The New-York Historical Society Hosts Augusta Savage A'25 Retrospective
POSTED ON: June 17, 2019
The first retrospective about the career and influence on the life and work of 1925 School of Art alumna Augusta Savage (1892-1962) closes in late July at The New-York Historical Society. Throughout her career, Savage challenged racial stereotypes while celebrating Black culture and influencing countless other leading African American artists, both through her sculptures and work as an educator and community organizer (due in part to the creation of her free Harlem Community Art Center in partnership with the Works Progress Administration).

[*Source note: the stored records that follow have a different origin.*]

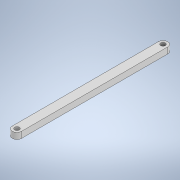
# Autodesk Inventor part: link-2
Saved by Autodesk Inventor 2020 (Build 240168000, 168)
## iProperties
Created: 2020-11-06
Part Number: link-2
Material: Generic
Document SubType Name: Modeling
Designer: alnwlsn
Density: 1 g/cm^3
Appearance: Default
Author: alnwlsn
Autodesk Inventor part; units mm, degrees
ref_plane "YZ Plane" through (0, 0, 0) normal (1, 0, 0) x (0, 1, 0)
ref_plane "XZ Plane" through (0, 0, 0) normal (0, 1, 0) x (-1, 0, 0)
ref_plane "XY Plane" through (0, 0, 0) normal (0, 0, 1) x (1, 0, 0)
sketch "Sketch1" plane through (0, 0, 0) normal (0, 1, 0) x (-1, 0, 0)
  line L0 (0, 0) -> (0, -47.7) construction
  line L1 (1.5, 0) -> (1.5, -47.7)
  line L2 (-1.5, -47.7) -> (-1.5, 0)
  arc A0 (1.5, 0) -> (-1.5, 0) centre (0, 0) ccw
  arc A1 (-1.5, -47.7) -> (1.5, -47.7) centre (0, -47.7) ccw
  circle A2 centre (0, 0) radius 0.75
  circle A3 centre (0, -47.7) radius 0.75
  point P0 (0, -23.85)
  dimension "d0" = 3
  dimension "d1" = 1.5
  dimension "d2" = 47.7
  constraints: 8 end point, 4 centre point, 4 point on circle, 4 tangent, 2 coincident, 1 equal radius, 1 midpoint, 1 parallel, 1 vertical
  measures "d0" distance between parallel lines of L2 L1
  measures "d1" diameter of A2
  measures "d2" distance of L0.start L0.end
extrude "Extrusion1" add sketch "Sketch1" along normal blind 2
body "Solid1"
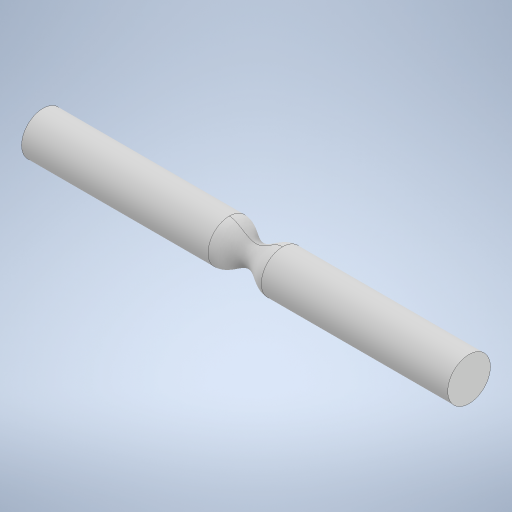
# Autodesk Inventor part: stenosis_1
Saved by Autodesk Inventor 2024 (Build 280153000, 153)
## iProperties
Created: 2023-05-05
Part Number: stenosis_1
Material: Generic
Document SubType Name: Modeling
Designer: csala
Density: 1 g/cm^3
Appearance: Default
Author: csala
Autodesk Inventor part; units mm, degrees
ref_plane "YZ Plane" through (0, 0, 0) normal (1, 0, 0) x (0, 1, 0)
ref_plane "XZ Plane" through (0, 0, 0) normal (0, 1, 0) x (-1, 0, 0)
ref_plane "XY Plane" through (0, 0, 0) normal (0, 0, 1) x (1, 0, 0)
sketch "Sketch1" plane through (0, 0, 0) normal (0, 0, 1) x (1, 0, 0)
  line L0 (0, 0) -> (40, 0)
  line L1 (40, 0) -> (40, 2)
  line L2 (0, 0) -> (0, 2)
  line L3 (0, 2) -> (17.5, 2)
  spline S0 degree 5 poles (17.5, 2) (17.7732, 2.0015) (18.0468, 1.9206) (18.2872, 1.7904) (18.7501, 1.4994) (19.2126, 1.2106) (19.4535, 1.0776) (20, 0.9218) (20.5465, 1.0776) (20.7874, 1.2106) (21.2499, 1.4994) (21.7128, 1.7904) (21.9532, 1.9206) (22.2268, 2.0015) (22.5, 2) knots 0 0 0 0 0 0 0.25 0.25 0.25 0.5 0.5 0.5 0.75 0.75 0.75 1 1 1 1 1 1
  line L4 (40, 2) -> (22.5, 2)
  dimension "L" = 40
  dimension "r" = 2
  constraints: 10 end point, 2 equal length, 2 horizontal, 2 perpendicular, 1 collinear, 4 other
  measures "L" distance of L0.start L0.end
  measures "r" distance of L0.start L2.end
revolve "Revolution1" add sketch "Sketch1" angle 360 about axis through (0, 0, 0) along (1, 0, 0)
equation "\"r_min\" = 1"
equation "\"L_st\" = 5"
equation "curve S0 of \"Sketch1\": x = t; y = r_min + (r - r_min)*sin(180*t/L_st*1mm)^2; t from d2 to d3"
body "Solid1"

Augusta Savage: Renaissance Woman features more than 50 works of art and archival materials that explore Savage’s legacy through her sculptures, including Gamin (c. 1930), a bust portrait of her nephew, and The Diving Boy (c. 1939), one of the few full-sized works by Savage that exists today, as well as through the work of many of the emerging artists she inspired, such as Jacob Lawrence, Gwendolyn Knight, and Romare Bearden. The exhibition also includes some of her correspondence with other African American leaders of her time like W.E.B. Du Bois.
Born in Green Cove Springs, Florida, Savage used the red clay of her hometown at an early age to make sculptures. Eventually she moved to Harlem to study art in 1921 and graduated from the School of Art in just three years. She was one of 12 women artists commissioned for the 1939 World’s Fair in New York and the only African American woman selected to participate. Her piece Lift Every Voice and Sing (1939)—a 16-foot-tall sculpture of Black youth in the form of a harp, inspired by the hymn “Lift Ev’ry Voice and Sing,” also known as the Black National Anthem—was destroyed when the World’s Fair ended as Savage did not have the funds to cast the work in bronze.
The exhibition was curated by Jeffreen M. Hayes, Ph.D., and originally organized by the Cummer Museum of Art & Gardens. It is coordinated at New-York Historical by Wendy N. E. Ikemoto, Ph.D., associate curator of American art.